The small nucleolar RNA snR30 (U17 in humans) plays a unique role during ribosome synthesis. Unlike most members of the H/ACA class of guide RNAs, the small nucleolar ribonucleoprotein (snoRNP) complex assembled on snR30 does not direct pseudouridylation of ribosomal RNA (rRNA), but instead snR30 is critical for 18S rRNA processing during formation of the small subunit (SSU) of the ribosome. Specifically, snR30 is essential for three pre-rRNA cleavages at the A0/01, A1/1, and A2/2a sites in yeast and humans, respectively. Accordingly, snR30 is the only essential H/ACA guide RNA in yeast. However, the molecular mechanism of snR30 and how it promotes pre-rRNA processing remains under investigation.
Eukaryotic ribosomes are synthesized in the nucleolus with the help of hundreds of assembly factors. In a highly orchestrated fashion, multiple protein and RNA assembly factors are recruited to nascent pre-ribosomal RNA (pre-rRNA) and depart at defined times, whereas ribosomal proteins also associate in a defined order, eventually forming ribosomal subunits together with the matured rRNAs. Among the ribosome assembly factors, the nucleolar snR30 is an essential H/ACA RNA that is critical for the formation of the small ribosomal subunit, but only limited information is available on the mechanistic role of snR30 during the complex process of ribosome formation .

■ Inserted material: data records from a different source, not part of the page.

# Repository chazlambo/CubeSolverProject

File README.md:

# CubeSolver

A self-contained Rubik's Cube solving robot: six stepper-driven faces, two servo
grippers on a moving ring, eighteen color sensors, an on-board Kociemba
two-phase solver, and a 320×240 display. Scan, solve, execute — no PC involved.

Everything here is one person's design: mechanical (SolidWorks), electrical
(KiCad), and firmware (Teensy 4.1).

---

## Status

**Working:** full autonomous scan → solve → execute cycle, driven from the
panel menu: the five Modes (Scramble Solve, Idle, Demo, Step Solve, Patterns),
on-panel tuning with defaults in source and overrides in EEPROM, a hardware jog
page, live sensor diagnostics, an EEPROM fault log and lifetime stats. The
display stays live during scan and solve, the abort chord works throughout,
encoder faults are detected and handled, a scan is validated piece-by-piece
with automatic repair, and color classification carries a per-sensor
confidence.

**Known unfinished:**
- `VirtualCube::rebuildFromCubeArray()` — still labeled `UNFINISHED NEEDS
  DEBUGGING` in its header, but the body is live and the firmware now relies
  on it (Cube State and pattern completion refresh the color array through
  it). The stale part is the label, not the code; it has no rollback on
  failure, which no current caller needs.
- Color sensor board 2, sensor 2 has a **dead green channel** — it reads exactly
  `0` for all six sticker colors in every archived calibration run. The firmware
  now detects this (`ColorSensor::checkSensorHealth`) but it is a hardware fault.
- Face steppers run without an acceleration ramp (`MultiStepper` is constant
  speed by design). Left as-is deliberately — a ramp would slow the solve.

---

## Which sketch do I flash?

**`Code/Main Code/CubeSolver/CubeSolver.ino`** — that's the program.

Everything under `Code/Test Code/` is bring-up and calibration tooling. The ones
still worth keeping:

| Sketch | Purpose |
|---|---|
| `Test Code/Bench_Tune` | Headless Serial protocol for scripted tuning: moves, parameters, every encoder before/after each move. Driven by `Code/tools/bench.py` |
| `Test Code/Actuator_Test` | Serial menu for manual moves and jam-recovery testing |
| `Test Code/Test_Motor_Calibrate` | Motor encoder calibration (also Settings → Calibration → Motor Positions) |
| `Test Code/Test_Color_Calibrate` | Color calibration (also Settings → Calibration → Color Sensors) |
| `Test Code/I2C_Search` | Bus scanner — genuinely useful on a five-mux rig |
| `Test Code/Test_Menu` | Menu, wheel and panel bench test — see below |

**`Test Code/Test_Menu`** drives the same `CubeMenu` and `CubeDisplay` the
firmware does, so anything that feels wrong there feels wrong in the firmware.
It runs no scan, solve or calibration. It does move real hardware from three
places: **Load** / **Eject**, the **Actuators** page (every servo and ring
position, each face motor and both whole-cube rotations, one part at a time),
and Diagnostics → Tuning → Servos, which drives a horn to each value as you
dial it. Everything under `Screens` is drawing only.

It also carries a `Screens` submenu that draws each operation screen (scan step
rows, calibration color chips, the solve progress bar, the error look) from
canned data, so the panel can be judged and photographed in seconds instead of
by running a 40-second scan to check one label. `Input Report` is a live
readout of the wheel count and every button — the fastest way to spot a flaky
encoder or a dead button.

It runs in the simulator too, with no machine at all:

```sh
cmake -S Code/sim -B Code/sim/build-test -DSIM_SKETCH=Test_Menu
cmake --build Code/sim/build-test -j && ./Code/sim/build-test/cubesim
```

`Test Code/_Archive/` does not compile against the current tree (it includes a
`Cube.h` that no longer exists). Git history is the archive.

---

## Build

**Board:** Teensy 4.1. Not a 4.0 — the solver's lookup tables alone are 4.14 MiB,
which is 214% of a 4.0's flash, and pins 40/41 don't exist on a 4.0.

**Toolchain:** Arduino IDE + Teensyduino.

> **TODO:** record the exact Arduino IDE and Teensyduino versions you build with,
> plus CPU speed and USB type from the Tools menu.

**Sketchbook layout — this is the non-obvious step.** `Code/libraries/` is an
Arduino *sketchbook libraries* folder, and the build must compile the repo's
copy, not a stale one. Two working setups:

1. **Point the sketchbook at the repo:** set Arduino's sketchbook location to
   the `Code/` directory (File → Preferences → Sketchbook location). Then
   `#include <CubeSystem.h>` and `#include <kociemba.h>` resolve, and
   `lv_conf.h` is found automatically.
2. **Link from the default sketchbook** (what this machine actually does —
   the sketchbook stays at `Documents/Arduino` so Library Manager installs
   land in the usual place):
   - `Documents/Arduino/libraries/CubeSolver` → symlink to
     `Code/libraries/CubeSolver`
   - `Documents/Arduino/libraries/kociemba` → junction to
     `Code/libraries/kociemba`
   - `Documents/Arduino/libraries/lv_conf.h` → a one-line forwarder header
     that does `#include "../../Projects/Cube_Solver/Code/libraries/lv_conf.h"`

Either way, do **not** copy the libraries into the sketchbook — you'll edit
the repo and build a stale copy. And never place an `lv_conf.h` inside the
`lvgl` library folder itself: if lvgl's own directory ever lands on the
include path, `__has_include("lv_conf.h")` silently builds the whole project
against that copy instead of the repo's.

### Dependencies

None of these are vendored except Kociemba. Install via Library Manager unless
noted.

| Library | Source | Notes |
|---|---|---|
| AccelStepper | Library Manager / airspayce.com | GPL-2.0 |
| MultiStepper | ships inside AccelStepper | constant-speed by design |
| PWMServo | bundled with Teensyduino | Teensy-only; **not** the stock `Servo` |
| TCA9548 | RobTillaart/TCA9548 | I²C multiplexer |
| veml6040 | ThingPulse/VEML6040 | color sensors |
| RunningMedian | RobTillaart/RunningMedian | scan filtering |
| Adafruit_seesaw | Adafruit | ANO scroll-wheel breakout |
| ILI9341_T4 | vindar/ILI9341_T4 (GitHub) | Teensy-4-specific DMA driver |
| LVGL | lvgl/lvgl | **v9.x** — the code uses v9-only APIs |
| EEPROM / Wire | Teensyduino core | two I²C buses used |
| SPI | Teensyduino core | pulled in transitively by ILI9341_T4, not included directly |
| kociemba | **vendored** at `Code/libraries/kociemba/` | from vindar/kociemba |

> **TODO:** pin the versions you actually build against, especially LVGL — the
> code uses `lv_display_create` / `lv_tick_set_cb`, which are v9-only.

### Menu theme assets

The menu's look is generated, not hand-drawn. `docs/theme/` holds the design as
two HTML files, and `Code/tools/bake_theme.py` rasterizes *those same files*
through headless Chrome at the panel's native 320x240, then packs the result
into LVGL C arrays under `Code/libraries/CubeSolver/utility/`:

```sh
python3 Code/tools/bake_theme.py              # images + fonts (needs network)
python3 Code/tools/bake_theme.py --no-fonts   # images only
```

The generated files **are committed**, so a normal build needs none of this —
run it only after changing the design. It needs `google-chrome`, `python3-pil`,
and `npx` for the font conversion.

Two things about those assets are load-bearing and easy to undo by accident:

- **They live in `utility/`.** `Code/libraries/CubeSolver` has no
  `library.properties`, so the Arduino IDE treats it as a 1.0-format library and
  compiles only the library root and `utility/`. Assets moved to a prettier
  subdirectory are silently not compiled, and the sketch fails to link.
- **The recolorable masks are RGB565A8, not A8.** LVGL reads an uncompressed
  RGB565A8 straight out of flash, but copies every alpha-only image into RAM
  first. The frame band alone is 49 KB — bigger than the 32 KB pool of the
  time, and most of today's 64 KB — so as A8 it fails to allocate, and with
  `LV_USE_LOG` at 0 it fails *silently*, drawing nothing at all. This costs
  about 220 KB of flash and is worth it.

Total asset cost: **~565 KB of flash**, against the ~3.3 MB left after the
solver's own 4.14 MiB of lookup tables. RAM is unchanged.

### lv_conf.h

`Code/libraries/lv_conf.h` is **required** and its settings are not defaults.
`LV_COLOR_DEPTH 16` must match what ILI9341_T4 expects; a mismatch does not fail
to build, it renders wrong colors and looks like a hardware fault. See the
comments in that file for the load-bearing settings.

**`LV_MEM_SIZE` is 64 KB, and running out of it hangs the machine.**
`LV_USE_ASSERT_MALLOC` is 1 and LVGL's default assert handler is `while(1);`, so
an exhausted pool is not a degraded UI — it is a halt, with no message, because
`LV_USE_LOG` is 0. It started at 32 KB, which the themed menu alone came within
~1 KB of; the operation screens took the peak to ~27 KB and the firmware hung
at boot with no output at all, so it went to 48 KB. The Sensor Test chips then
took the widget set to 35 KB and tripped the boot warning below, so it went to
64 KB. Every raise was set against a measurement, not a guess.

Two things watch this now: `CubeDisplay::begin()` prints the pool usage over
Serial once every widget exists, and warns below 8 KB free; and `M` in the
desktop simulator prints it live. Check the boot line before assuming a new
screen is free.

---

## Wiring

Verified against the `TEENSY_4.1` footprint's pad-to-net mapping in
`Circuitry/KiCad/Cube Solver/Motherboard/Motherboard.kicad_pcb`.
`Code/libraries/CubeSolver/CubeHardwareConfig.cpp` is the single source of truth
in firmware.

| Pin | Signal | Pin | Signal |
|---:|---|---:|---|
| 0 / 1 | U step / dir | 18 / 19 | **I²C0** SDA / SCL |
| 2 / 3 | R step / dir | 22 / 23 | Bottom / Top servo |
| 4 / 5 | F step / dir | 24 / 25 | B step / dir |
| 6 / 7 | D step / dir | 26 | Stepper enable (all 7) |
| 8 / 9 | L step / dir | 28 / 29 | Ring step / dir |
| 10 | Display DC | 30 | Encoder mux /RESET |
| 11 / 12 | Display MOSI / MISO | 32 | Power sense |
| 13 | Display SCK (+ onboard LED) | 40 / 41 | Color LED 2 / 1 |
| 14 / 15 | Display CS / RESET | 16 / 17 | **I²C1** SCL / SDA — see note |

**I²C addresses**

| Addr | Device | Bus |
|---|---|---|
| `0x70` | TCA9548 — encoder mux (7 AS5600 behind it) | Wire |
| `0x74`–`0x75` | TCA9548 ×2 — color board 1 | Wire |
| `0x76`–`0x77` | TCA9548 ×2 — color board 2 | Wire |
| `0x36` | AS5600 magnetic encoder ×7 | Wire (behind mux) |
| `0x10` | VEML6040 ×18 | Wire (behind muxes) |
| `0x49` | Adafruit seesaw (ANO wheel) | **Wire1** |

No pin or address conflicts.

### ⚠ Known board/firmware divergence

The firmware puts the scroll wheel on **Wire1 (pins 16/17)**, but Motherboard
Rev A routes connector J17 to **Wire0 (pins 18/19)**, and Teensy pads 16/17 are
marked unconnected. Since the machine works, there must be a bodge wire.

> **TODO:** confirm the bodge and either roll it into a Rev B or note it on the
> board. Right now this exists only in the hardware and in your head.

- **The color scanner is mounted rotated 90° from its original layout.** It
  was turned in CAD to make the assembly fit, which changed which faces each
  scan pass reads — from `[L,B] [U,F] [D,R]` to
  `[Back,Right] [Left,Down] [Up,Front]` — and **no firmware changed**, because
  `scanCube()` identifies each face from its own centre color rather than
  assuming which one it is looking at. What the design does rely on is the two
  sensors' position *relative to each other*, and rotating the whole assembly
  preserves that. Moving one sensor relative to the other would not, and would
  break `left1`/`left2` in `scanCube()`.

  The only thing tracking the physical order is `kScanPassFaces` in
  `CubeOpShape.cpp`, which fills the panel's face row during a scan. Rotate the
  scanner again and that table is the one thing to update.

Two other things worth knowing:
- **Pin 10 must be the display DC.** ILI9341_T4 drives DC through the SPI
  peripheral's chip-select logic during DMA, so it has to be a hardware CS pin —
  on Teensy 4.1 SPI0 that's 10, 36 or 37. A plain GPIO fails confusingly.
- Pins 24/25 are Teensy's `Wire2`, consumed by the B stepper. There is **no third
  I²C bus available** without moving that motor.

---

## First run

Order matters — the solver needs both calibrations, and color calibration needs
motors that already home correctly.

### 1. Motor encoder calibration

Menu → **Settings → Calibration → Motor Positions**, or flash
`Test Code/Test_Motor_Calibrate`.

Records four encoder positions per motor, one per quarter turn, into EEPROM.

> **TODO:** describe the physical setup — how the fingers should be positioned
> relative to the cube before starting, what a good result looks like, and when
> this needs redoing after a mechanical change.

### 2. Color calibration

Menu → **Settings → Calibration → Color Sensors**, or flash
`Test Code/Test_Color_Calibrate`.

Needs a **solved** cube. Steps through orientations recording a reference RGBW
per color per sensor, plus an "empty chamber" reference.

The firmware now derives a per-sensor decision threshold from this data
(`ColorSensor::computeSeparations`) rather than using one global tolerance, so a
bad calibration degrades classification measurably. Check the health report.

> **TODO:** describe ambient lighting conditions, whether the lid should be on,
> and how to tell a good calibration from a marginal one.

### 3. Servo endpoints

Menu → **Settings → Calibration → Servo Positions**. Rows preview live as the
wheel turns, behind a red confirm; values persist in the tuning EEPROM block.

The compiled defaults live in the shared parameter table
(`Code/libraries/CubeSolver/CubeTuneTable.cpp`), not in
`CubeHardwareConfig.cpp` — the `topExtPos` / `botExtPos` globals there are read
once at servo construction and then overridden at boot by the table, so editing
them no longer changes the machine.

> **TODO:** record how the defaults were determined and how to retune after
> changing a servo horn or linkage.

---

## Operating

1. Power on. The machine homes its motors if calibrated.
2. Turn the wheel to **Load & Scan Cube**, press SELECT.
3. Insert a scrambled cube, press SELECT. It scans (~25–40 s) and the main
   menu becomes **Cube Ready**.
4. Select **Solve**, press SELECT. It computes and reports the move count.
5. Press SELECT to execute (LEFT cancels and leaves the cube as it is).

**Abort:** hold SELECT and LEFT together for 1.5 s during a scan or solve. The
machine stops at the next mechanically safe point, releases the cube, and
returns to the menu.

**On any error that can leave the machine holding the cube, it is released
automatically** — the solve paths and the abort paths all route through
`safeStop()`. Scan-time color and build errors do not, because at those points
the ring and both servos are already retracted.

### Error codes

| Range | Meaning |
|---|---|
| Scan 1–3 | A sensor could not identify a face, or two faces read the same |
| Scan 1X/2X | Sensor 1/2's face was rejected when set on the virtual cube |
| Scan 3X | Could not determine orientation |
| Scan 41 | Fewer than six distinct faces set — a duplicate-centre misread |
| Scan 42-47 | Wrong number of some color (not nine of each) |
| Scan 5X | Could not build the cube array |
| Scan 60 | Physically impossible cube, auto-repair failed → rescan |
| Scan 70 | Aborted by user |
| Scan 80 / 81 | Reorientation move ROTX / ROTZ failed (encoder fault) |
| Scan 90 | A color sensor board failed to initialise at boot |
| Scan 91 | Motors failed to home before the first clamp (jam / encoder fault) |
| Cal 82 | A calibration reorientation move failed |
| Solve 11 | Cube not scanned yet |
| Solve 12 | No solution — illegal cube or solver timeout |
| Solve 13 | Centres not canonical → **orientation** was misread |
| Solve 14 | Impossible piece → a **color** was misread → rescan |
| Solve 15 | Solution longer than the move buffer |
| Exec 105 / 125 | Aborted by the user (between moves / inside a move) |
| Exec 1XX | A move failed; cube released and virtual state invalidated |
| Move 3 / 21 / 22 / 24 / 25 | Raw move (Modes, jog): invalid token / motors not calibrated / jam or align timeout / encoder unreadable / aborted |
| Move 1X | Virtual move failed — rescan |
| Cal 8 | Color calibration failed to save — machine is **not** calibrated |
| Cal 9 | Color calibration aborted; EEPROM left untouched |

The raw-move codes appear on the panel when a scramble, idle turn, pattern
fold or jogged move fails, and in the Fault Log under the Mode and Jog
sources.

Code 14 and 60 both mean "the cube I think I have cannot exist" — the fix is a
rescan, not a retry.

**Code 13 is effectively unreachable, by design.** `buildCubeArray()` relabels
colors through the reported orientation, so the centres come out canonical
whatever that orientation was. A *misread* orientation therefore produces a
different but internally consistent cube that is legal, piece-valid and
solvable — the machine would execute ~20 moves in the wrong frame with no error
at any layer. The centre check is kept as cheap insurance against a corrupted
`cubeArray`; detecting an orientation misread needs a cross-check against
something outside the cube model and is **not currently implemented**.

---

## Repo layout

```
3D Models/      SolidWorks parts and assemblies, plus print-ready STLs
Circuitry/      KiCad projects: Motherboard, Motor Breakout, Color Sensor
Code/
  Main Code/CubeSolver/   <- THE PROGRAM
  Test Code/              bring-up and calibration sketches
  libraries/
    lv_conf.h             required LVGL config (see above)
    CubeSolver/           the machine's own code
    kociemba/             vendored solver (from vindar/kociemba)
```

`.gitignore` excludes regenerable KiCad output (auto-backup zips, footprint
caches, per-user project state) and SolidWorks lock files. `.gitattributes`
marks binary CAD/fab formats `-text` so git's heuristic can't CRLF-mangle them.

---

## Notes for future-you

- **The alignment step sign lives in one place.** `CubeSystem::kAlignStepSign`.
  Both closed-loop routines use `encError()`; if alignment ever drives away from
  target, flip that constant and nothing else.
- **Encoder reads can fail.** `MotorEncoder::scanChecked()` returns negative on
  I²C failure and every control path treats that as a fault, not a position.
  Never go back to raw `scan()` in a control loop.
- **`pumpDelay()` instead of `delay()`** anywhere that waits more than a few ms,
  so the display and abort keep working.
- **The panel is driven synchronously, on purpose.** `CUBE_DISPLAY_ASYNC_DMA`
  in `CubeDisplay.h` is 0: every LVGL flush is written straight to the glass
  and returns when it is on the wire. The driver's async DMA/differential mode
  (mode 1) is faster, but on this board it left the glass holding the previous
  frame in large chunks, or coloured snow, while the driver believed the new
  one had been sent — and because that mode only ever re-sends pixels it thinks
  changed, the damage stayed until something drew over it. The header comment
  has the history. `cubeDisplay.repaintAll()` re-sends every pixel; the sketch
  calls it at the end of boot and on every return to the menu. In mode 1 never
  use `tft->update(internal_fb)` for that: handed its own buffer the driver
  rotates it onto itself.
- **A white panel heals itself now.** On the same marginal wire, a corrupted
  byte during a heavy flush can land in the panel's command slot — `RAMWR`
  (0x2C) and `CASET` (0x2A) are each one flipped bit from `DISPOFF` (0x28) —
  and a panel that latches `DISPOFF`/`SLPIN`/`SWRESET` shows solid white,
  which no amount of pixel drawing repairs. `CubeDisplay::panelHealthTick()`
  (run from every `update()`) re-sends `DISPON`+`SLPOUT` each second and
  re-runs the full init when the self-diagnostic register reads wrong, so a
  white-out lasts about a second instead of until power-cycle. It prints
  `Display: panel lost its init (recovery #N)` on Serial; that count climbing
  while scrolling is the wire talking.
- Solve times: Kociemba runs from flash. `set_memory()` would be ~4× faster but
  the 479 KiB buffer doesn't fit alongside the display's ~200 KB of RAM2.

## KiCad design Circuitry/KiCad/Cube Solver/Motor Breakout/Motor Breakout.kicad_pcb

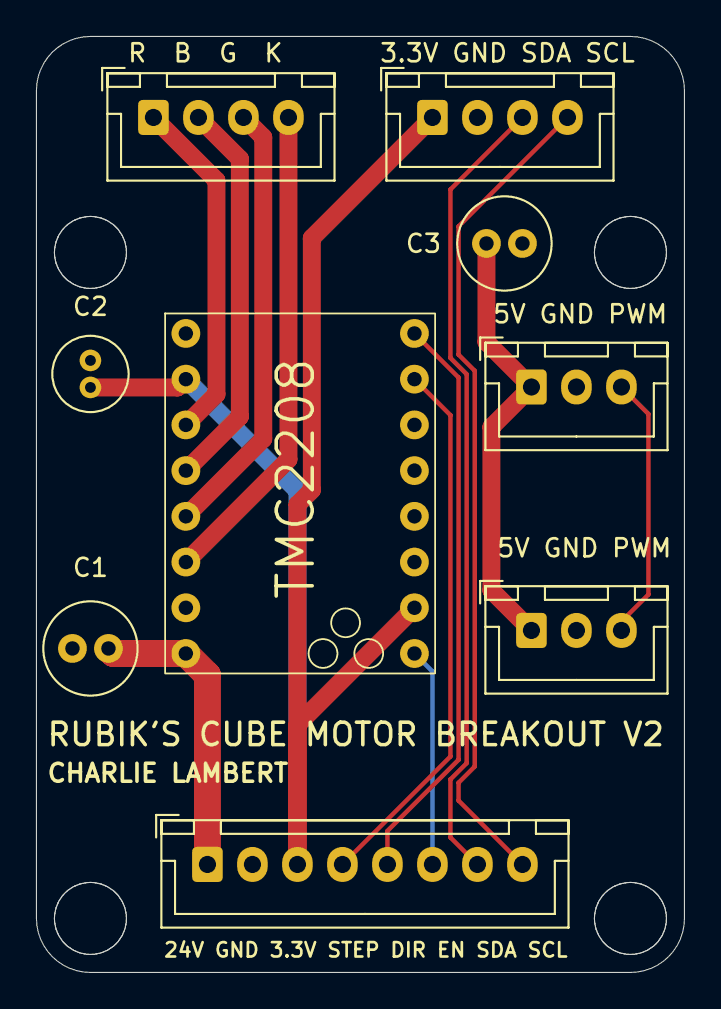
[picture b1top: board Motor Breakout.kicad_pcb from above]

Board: 2 copper layers, 36.0 x 52.0 mm, 9 parts (0 on the bottom side), 14 nets.

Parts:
C1, C3: 100µF; C_Radial_D5.0mm_H11.0mm_P2.00mm
C2: 0.1µF; C_Radial_D4.0mm_H7.0mm_P1.50mm
J2: Motor Input; JST_XH_B4B-XH-A_1x04_P2.50mm_Vertical
J3: Motherboard Breakout; JST_XH_B8B-XH-A_1x08_P2.50mm_Vertical
J4: Servo Input; JST_XH_B3B-XH-A_1x03_P2.50mm_Vertical
J5: Servo Output; JST_XH_B3B-XH-A_1x03_P2.50mm_Vertical
J6: Encoder Input; JST_XH_B4B-XH-A_1x04_P2.50mm_Vertical
U1: TMC2208_Breakout

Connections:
+3.3V: C2.2, J3.3 (3.3V), J6.1 (VCC), U1.2 (VIO), U1.15 (MS1)
+5V: C3.1, J4.1 (5V), J5.1 (5V)
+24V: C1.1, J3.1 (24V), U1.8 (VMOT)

Ribosome biogenesis occurs co-transcriptionally on the pre-rRNAs, and snR30 is also thought to act co-transcriptionally during the processing of 18S rRNA. Three of the four mature rRNAs (18S, 5.8S, and 25S rRNA) are transcribed by RNA polymerase I as a single 35S precursor rRNA (pre-rRNA, 47S pre-rRNA in humans), whereas the fourth rRNA, 5S rRNA, is transcribed independently by RNA Polymerase III. In addition to the mature rRNA sequences, the 35S pre-rRNA contains two external and two internal transcribed spacers abbreviated as ETS and ITS respectively, which are removed through several nucleolytic cleavage events such that these regions are not present in the mature ribosome. The initial site of pre-rRNA cleavage, that separates the 18S rRNA from the remaining pre-rRNA, are called A sites, specifically A0, A1, A2, and A3 in yeast and 01, 1, and 2 in humans (Figure 1) . Notably, snR30 is involved in pre-rRNA cleavage at sites A0, A1, and A2.
Figure 1. Overview of rRNA processing in yeast. The mature 18S, 5.8S, and 25S rRNAs are generated from a 35S pre-rRNA precursor through several nucleolytic cleavage events, shown here generating characteristic pre-rRNA intermediates. For each step, the subsequent site(s) of cleavage is highlighted in red. snR30 is essential for cleavage at sites A0, A1, and A2, which are highlighted in blue.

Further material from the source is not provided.